Novartis verdict will encourage genuine innovation: Prathiba M Singh

Prathiba M Singh, advocate for Ranbaxy and Cipla, fought the Glivec patent case against Novartis. She joined IBNLive readers for an interaction on the legal and moral compulsions behind this courtroom battle and the significance of the Supreme Court's decision for Indian pharma firms and the people of the country.

Q. Madam, In simple language what is the significance of this judgement. Asked by: Ashish

Novartis verdict will encourage genuine innovation: Prathiba M Singh

Advocate Prathiba M Singh joined IBNLive readers on the significance of denial of patent for Glivec to Novartis.

A. The significance of this judgement is that it will encourage genuine innovation and less efforts would be spent on applying for variation patents. My experience in patent litigation shows that in almost every case there are multiple patents. This judgement will reduce that.

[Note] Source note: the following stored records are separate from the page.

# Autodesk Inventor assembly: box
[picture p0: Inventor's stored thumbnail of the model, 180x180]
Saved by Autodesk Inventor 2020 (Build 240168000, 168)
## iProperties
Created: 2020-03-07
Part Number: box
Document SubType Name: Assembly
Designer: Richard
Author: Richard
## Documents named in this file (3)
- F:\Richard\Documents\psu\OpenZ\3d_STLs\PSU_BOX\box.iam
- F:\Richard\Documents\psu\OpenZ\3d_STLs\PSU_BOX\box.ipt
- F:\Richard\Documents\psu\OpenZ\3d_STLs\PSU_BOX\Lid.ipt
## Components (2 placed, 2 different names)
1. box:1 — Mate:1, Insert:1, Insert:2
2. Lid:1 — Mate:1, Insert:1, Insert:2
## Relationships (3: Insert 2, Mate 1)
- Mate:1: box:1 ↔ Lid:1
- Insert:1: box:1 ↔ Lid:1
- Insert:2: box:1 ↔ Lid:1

Q. Will the decision not adversely affect the R&D projects in India? No doubt, Novartis can't claim process patent, but it certainly had a right to be considered for product patent. Your views.. Asked by: Alok Madan

A. Innovators will continue to get product patents. This judgement deals with a situation where the patent being sought is for "new form of a known substance". This judgement does not apply where completely new inventions are the subject matter of the patent application.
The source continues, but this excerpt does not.